═══ Material shown

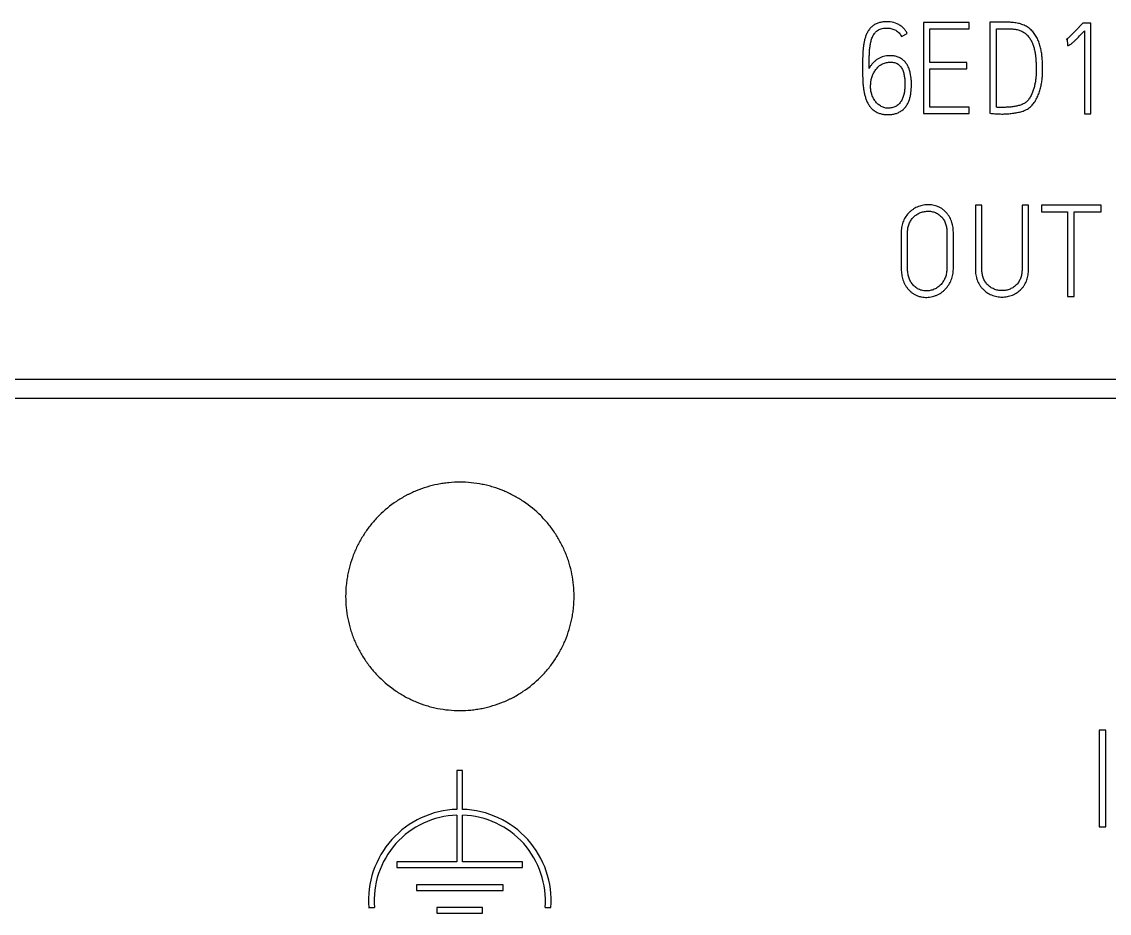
# Model space of a CAD drawing. Extents: x 0 to 420, y 0 to 297.
# Drawn here: x 132 to 151.04, y 157.78 to 173.4 of the extents above; entities that cross this region are included whole.
import ezdxf

# ---------------------------------------------------------------- set-up
doc = ezdxf.new("R2010")
doc.units = 0
doc.header["$LTSCALE"] = 23.1
doc.layers.add('10000_FRONT', color=7, linetype='CONTINUOUS')
doc.layers.add('10500_FRONT_LABELING', color=7, linetype='CONTINUOUS')

msp = doc.modelspace()

# ---------------------------------------------------------------- linework, layer by layer
at = {"layer": '10000_FRONT', "color": 7, "linetype": 'CONTINUOUS'}
for p, q in [((102.948, 167.136), (167.748, 167.136)), ((102.948, 166.803), (167.748, 166.803)), ((139.619, 160.284), (139.619, 159.603)), ((139.719, 160.284), (139.619, 160.284)), ((139.719, 159.603), (139.719, 160.284)), ((139.619, 159.503), (139.619, 158.684)), ((139.719, 158.684), (139.719, 159.503)), ((138.569, 158.684), (138.569, 158.584)), ((139.619, 158.684), (138.569, 158.684)), ((140.769, 158.684), (139.719, 158.684)), ((140.769, 158.584), (140.769, 158.684)), ((138.569, 158.584), (140.769, 158.584)), ((138.909, 158.284), (138.909, 158.184)), ((140.429, 158.284), (138.909, 158.284)), ((140.429, 158.184), (140.429, 158.284)), ((138.909, 158.184), (140.429, 158.184)), ((138.073, 157.884), (138.174, 157.884)), ((139.269, 157.884), (139.269, 157.784)), ((140.069, 157.884), (139.269, 157.884)), ((140.069, 157.784), (140.069, 157.884)), ((141.164, 157.884), (141.264, 157.884)), ((139.269, 157.784), (140.069, 157.784))]:
    msp.add_line(p, q, dxfattribs=at)
for radius, start, end in [(1.6, 91.7908, 184.3012), (1.6, 355.6988, 88.2092), (1.5, 91.9102, 184.5886), (1.5, 355.4114, 88.0898)]:
    msp.add_arc((139.669, 158.004), radius, start, end, dxfattribs=at)
for points, knots in [([(141.67, 163.334), (141.67, 163.4), (141.667, 163.465), (141.654, 163.595), (141.645, 163.659), (141.62, 163.787), (141.604, 163.85), (141.575, 163.944), (141.565, 163.975), (141.543, 164.038), (141.531, 164.068), (141.493, 164.159), (141.438, 164.277), (141.371, 164.389), (141.317, 164.47), (141.298, 164.497), (141.259, 164.55), (141.239, 164.576), (141.176, 164.652), (141.132, 164.701), (140.994, 164.839), (140.893, 164.922), (140.757, 165.014), (140.729, 165.031), (140.672, 165.065), (140.643, 165.081), (140.557, 165.128), (140.498, 165.156), (140.377, 165.206), (140.316, 165.228), (140.222, 165.257), (140.191, 165.265), (140.127, 165.281), (140.094, 165.289), (139.997, 165.308), (139.868, 165.327), (139.738, 165.334), (139.607, 165.334), (139.541, 165.331), (139.443, 165.321), (139.41, 165.317), (139.345, 165.307), (139.313, 165.302), (139.216, 165.283), (139.153, 165.267), (139.028, 165.229), (138.967, 165.207), (138.876, 165.17), (138.846, 165.156), (138.801, 165.135), (138.786, 165.128), (138.757, 165.113), (138.684, 165.075), (138.614, 165.033), (138.451, 164.924), (138.35, 164.842), (138.233, 164.725), (138.21, 164.701), (138.166, 164.652), (138.145, 164.628), (138.083, 164.552), (138.044, 164.5), (137.972, 164.391), (137.938, 164.335), (137.892, 164.249), (137.877, 164.219), (137.849, 164.16), (137.835, 164.13), (137.798, 164.039), (137.754, 163.916), (137.722, 163.79), (137.703, 163.694), (137.697, 163.662), (137.688, 163.597), (137.683, 163.564), (137.674, 163.466), (137.67, 163.4), (137.67, 163.334)], [0, 0, 0, 0, 0.03125, 0.03125, 0.0625, 0.0625, 0.09375, 0.09375, 0.109375, 0.109375, 0.125, 0.125, 0.15625, 0.1875, 0.1875, 0.203125, 0.203125, 0.21875, 0.21875, 0.25, 0.25, 0.3125, 0.3125, 0.328125, 0.328125, 0.34375, 0.34375, 0.375, 0.375, 0.40625, 0.40625, 0.421875, 0.421875, 0.4375, 0.4375, 0.46875, 0.5, 0.5, 0.53125, 0.53125, 0.546875, 0.546875, 0.5625, 0.5625, 0.59375, 0.59375, 0.625, 0.625, 0.640625, 0.640625, 0.648438, 0.648438, 0.65625, 0.6875, 0.6875, 0.75, 0.75, 0.765625, 0.765625, 0.78125, 0.78125, 0.8125, 0.8125, 0.84375, 0.84375, 0.859375, 0.859375, 0.875, 0.875, 0.90625, 0.9375, 0.9375, 0.953125, 0.953125, 0.96875, 0.96875, 1, 1, 1, 1]), ([(137.67, 163.334), (137.67, 163.268), (137.674, 163.202), (137.687, 163.073), (137.696, 163.008), (137.721, 162.881), (137.737, 162.818), (137.766, 162.723), (137.776, 162.692), (137.798, 162.63), (137.81, 162.599), (137.847, 162.509), (137.903, 162.391), (137.97, 162.279), (138.024, 162.198), (138.043, 162.171), (138.082, 162.118), (138.102, 162.092), (138.165, 162.016), (138.209, 161.967), (138.347, 161.829), (138.448, 161.746), (138.571, 161.663), (138.584, 161.654), (138.612, 161.637), (138.626, 161.628), (138.669, 161.603), (138.697, 161.586), (138.784, 161.54), (138.843, 161.512), (138.963, 161.462), (139.025, 161.44), (139.119, 161.411), (139.15, 161.402), (139.214, 161.386), (139.246, 161.379), (139.343, 161.36), (139.473, 161.34), (139.603, 161.334), (139.734, 161.334), (139.799, 161.337), (139.898, 161.346), (139.931, 161.351), (139.996, 161.36), (140.028, 161.366), (140.125, 161.385), (140.188, 161.401), (140.313, 161.439), (140.374, 161.461), (140.465, 161.498), (140.495, 161.511), (140.54, 161.533), (140.555, 161.54), (140.584, 161.555), (140.657, 161.593), (140.727, 161.635), (140.89, 161.743), (140.991, 161.826), (141.108, 161.943), (141.131, 161.967), (141.175, 162.015), (141.196, 162.04), (141.258, 162.116), (141.297, 162.168), (141.369, 162.276), (141.403, 162.332), (141.449, 162.419), (141.464, 162.448), (141.492, 162.508), (141.506, 162.538), (141.543, 162.629), (141.587, 162.752), (141.619, 162.878), (141.638, 162.974), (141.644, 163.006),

══════

What is required
For each line in the data that contains the string "layers", give a copy of that line.

Exercise answer
doc.layers.add('10000_FRONT', color=7, linetype='CONTINUOUS')
doc.layers.add('10500_FRONT_LABELING', color=7, linetype='CONTINUOUS')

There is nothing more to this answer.